Cooperative and sympathetic behavior was found in Jungle babblers and was more privileged at 2-10 m height as well as during the day time. Cooperative breeding in birds is much more prevalent than has been previously realized, occurring in 18.5% of oscine passerines known to have biparental care, and is the predominant social system of some ancient oscine clades (Cockburn, 2003).Cooperative sentinel behavior may avoid the jungle babblers from predators as one of the member from group member make vocal sound to alert the group. Although the first observations of cooperative breeding in birds were made in New World tropical forests (Skutch, 1935), most avian cooperative breeders are found in semiarid tropical and subtropical environments, particularly in sub Saharan Africa and Australia. Cooperative species often occur in semiarid woodland and savanna habitats, rather than in rainforests or deserts (Ligon and Burt, 2004). Cooperative breeders have been suggested to occur disproportionally in both seasonal (du Plessis et al., 1999) and unseasonal environments (Ligon and Burt, 2004).

Breeding pair (male and female) in social groups of Jungle babblers was helped by auxiliaries (helpers). Bhavna and Geeta (2010) termed these babblers social/cooperative breeders because of the phenomenon that the breeding pair was assisted by other individuals of the flock (termed as “helpers”). These helper birds forego their own breeding and express allo-parental behavior and aid the parents in taking care of entire reproductive responsibilities excluding egg formation and laying.

While group size was bigger, number of nestlings was lower, improving the fledgling survival and vice versa, however group size did not seem to have any effect on the fledgling predation. Subsequently, young fledge earlier in small groups, thereby reducing the threat of predation. Similar conclusions were drawn by Raihani and Ridley (2007).

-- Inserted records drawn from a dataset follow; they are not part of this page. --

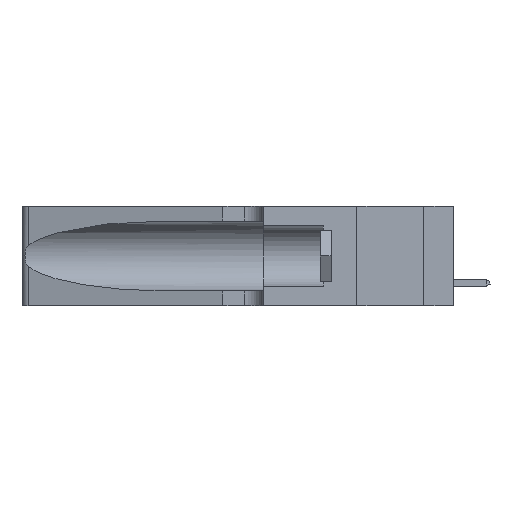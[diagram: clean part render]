
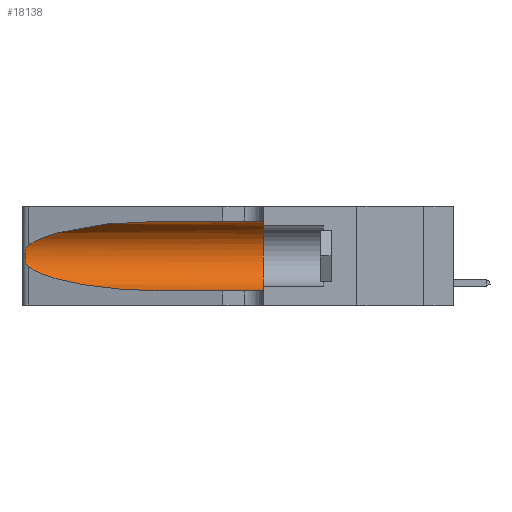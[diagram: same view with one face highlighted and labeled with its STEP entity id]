
A CAD part, left-side view. The second image highlights one B-rep face of the part: STEP entity #18138.
In plain terms, the highlighted cylindrical face has radius 3.308 mm (diameter 6.617 mm), a partial arc.
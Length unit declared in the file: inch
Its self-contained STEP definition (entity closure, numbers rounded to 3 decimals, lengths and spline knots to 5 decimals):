
#932 = CARTESIAN_POINT ( 'NONE',  ( 0.1305, 0.35, 0.185 ) ) ;
#1076 = CARTESIAN_POINT ( 'NONE',  ( 0.25856, 1.23593, 0.16098 ) ) ;
#1117 = CARTESIAN_POINT ( 'NONE',  ( 0.26017, 1.23833, 0.17102 ) ) ;
#2257 = CARTESIAN_POINT ( 'NONE',  ( 0.1305, 0.72297, 0.05475 ) ) ;
#2524 = CARTESIAN_POINT ( 'NONE',  ( 0.25555, 1.22993, 0.14849 ) ) ;
#4168 = CARTESIAN_POINT ( 'NONE',  ( 0.25487, 1.22718, 0.22369 ) ) ;
#4170 = CARTESIAN_POINT ( 'NONE',  ( 0.26018, 1.23835, 0.19895 ) ) ;
#4214 = VERTEX_POINT ( 'NONE', #36237 ) ;
#4315 = AXIS2_PLACEMENT_3D ( 'NONE', #32314, #23668, #15183 ) ;
#5307 = CARTESIAN_POINT ( 'NONE',  ( 0.25639, 1.23186, 0.15144 ) ) ;
#5326 = CARTESIAN_POINT ( 'NONE',  ( 0.25487, 1.22718, 0.14631 ) ) ;
#5389 = VERTEX_POINT ( 'NONE', #35864 ) ;
#5390 = LINE ( 'NONE', #26961, #9056 ) ;
#6180 = CARTESIAN_POINT ( 'NONE',  ( 0.25854, 1.2359, 0.20912 ) ) ;
#6542 = CARTESIAN_POINT ( 'NONE',  ( 0.2373, 1.15595, 0.28018 ) ) ;
#7054 = CARTESIAN_POINT ( 'NONE',  ( 0.26075, 1.23896, 0.19203 ) ) ;
#8023 = FACE_OUTER_BOUND ( 'NONE', #11184, .T. ) ;
#8202 = CARTESIAN_POINT ( 'NONE',  ( 0.25487, 1.22718, 0.22369 ) ) ;
#8237 =( BOUNDED_CURVE ( )  B_SPLINE_CURVE ( 3, ( #5326, #20031, #20159, #31861 ),
 .UNSPECIFIED., .F., .F. ) 
 B_SPLINE_CURVE_WITH_KNOTS ( ( 4, 4 ),
 ( 3.44316, 4.71239 ),
 .UNSPECIFIED. ) 
 CURVE ( )  GEOMETRIC_REPRESENTATION_ITEM ( )  RATIONAL_B_SPLINE_CURVE ( ( 1., 0.87, 0.87, 1. ) ) 
 REPRESENTATION_ITEM ( '' )  );
#8505 = CARTESIAN_POINT ( 'NONE',  ( 0.25787, 1.23484, 0.2124 ) ) ;
#8690 = VERTEX_POINT ( 'NONE', #2257 ) ;
#9056 = VECTOR ( 'NONE', #27078, 39.37008 ) ;
#9709 = DIRECTION ( 'NONE',  ( 0., 0., 1. ) ) ;
#11184 = EDGE_LOOP ( 'NONE', ( #12846, #19940, #32505, #31357, #23816, #23075 ) ) ;
#11272 = CARTESIAN_POINT ( 'NONE',  ( 0.25555, 1.22994, 0.2215 ) ) ;
#11501 = VERTEX_POINT ( 'NONE', #32273 ) ;
#12846 = ORIENTED_EDGE ( 'NONE', *, *, #26198, .T. ) ;
#13115 = CIRCLE ( 'NONE', #24609, 0.13025 ) ;
#13120 = EDGE_CURVE ( 'NONE', #4214, #14549, #22203, .T. ) ;
#13679 = CARTESIAN_POINT ( 'NONE',  ( 0.1305, 1.61858, 0.05475 ) ) ;
#14549 = VERTEX_POINT ( 'NONE', #37258 ) ;
#15183 = DIRECTION ( 'NONE',  ( 0., 0., -1. ) ) ;
#15453 = CARTESIAN_POINT ( 'NONE',  ( 0.1305, 0.72297, 0.31525 ) ) ;
#16664 = CYLINDRICAL_SURFACE ( 'NONE', #4315, 0.13025 ) ;
#17375 = VECTOR ( 'NONE', #36932, 39.37008 ) ;
#18138 = ADVANCED_FACE ( 'NONE', ( #8023 ), #16664, .F. ) ;
#19478 = CARTESIAN_POINT ( 'NONE',  ( 0.25789, 1.23486, 0.15765 ) ) ;
#19940 = ORIENTED_EDGE ( 'NONE', *, *, #13120, .T. ) ;
#20031 = CARTESIAN_POINT ( 'NONE',  ( 0.2373, 1.15595, 0.08982 ) ) ;
#20159 = CARTESIAN_POINT ( 'NONE',  ( 0.18966, 0.96281, 0.05475 ) ) ;
#20224 = CARTESIAN_POINT ( 'NONE',  ( 0.26075, 1.23896, 0.178 ) ) ;
#20244 = CARTESIAN_POINT ( 'NONE',  ( 0.25487, 1.22718, 0.14631 ) ) ;
#20422 = EDGE_CURVE ( 'NONE', #8690, #11501, #28761, .T. ) ;
#21249 = DIRECTION ( 'NONE',  ( 0., 1., 0. ) ) ;
#22203 = B_SPLINE_CURVE_WITH_KNOTS ( 'NONE', 3,
 ( #8202, #11272, #32216, #8505, #6180, #4170, #7054, #20224, #1117, #1076, #19478, #5307, #2524, #20244 ),
 .UNSPECIFIED., .F., .F.,
 ( 4, 2, 2, 2, 2, 2, 4 ),
 ( 0., 0.00027, 0.00053, 0.00107, 0.0016, 0.00187, 0.00214 ),
 .UNSPECIFIED. ) ;
#22978 = EDGE_CURVE ( 'NONE', #34588, #5389, #5390, .T. ) ;
#22985 = EDGE_CURVE ( 'NONE', #5389, #11501, #13115, .T. ) ;
#23075 = ORIENTED_EDGE ( 'NONE', *, *, #22978, .F. ) ;
#23668 = DIRECTION ( 'NONE',  ( 0., -1., 0. ) ) ;
#23816 = ORIENTED_EDGE ( 'NONE', *, *, #22985, .F. ) ;
#24609 = AXIS2_PLACEMENT_3D ( 'NONE', #932, #21249, #9709 ) ;
#25981 = EDGE_CURVE ( 'NONE', #14549, #8690, #8237, .T. ) ;
#26198 = EDGE_CURVE ( 'NONE', #34588, #4214, #29182, .T. ) ;
#26961 = CARTESIAN_POINT ( 'NONE',  ( 0.1305, 1.61858, 0.31525 ) ) ;
#27078 = DIRECTION ( 'NONE',  ( 0., -1., 0. ) ) ;
#27109 = CARTESIAN_POINT ( 'NONE',  ( 0.18966, 0.96281, 0.31525 ) ) ;
#28761 = LINE ( 'NONE', #13679, #17375 ) ;
#29182 =( BOUNDED_CURVE ( )  B_SPLINE_CURVE ( 3, ( #15453, #27109, #6542, #4168 ),
 .UNSPECIFIED., .F., .T. ) 
 B_SPLINE_CURVE_WITH_KNOTS ( ( 4, 4 ),
 ( 1.5708, 2.84003 ),
 .UNSPECIFIED. ) 
 CURVE ( )  GEOMETRIC_REPRESENTATION_ITEM ( )  RATIONAL_B_SPLINE_CURVE ( ( 1., 0.87, 0.87, 1. ) ) 
 REPRESENTATION_ITEM ( '' )  );
#31357 = ORIENTED_EDGE ( 'NONE', *, *, #20422, .T. ) ;
#31861 = CARTESIAN_POINT ( 'NONE',  ( 0.1305, 0.72297, 0.05475 ) ) ;
#32216 = CARTESIAN_POINT ( 'NONE',  ( 0.25639, 1.23184, 0.21858 ) ) ;
#32273 = CARTESIAN_POINT ( 'NONE',  ( 0.1305, 0.35, 0.05475 ) ) ;
#32314 = CARTESIAN_POINT ( 'NONE',  ( 0.1305, 1.61858, 0.185 ) ) ;
#32505 = ORIENTED_EDGE ( 'NONE', *, *, #25981, .T. ) ;
#32759 = CARTESIAN_POINT ( 'NONE',  ( 0.1305, 0.72297, 0.31525 ) ) ;
#34588 = VERTEX_POINT ( 'NONE', #32759 ) ;
#35864 = CARTESIAN_POINT ( 'NONE',  ( 0.1305, 0.35, 0.31525 ) ) ;
#36237 = CARTESIAN_POINT ( 'NONE',  ( 0.25487, 1.22718, 0.22369 ) ) ;
#36932 = DIRECTION ( 'NONE',  ( 0., -1., 0. ) ) ;
#37258 = CARTESIAN_POINT ( 'NONE',  ( 0.25487, 1.22718, 0.14631 ) ) ;

Jungle babbleris are known to devour insects like Orthopterans and Lepidopterans (Gaston, 1978; Dhindsa and Saini, 1994; Gupta and Midha, 1994). These authors have also reported seasonal variation in the consumption of 6 insects during monsoon when the insect population was high. Thus the Jungle babbler is considered a useful bird as it feeds on the global pest, the pod borer, Helicoverpa armigera (Gokhale, 1993).Their most conspicuous diurnal activity is feeding wherein they spend the maximum time in foraging on ground. This foraging behavior of Jungle babblers is probably very effective in locating the underground pupae of pod borer or the root infesting white grubs (Patankar et al., 2001). Babblers utilized most time of the day on searching food, frequently on the ground, and desired to search food among drainage areas. Drainage zone preference possibly arose because they availed both the better vegetative shelter from aerial predators and the biomass of prospective prey (Porteli et al., 2009).

 

Conclusion

Jangle babblers are indistinguishable by external morphology due to same coloration. These are common birds around the agricultural field, and also found near cities and towns in Layyah district. The bird is an omnivorous species that makes cup shaped nest at the height range 241.4 to 424.28 cm with an average clutch size of 4 eggs. Jangle babblers are social birds as several birds (almost 13-15 birds) were found to attend each nest. It feeds on insects in cultivated sites, and also considered as pest controlling agent.

 

Statement of conflict of interest

The authors declare no conflict of interest.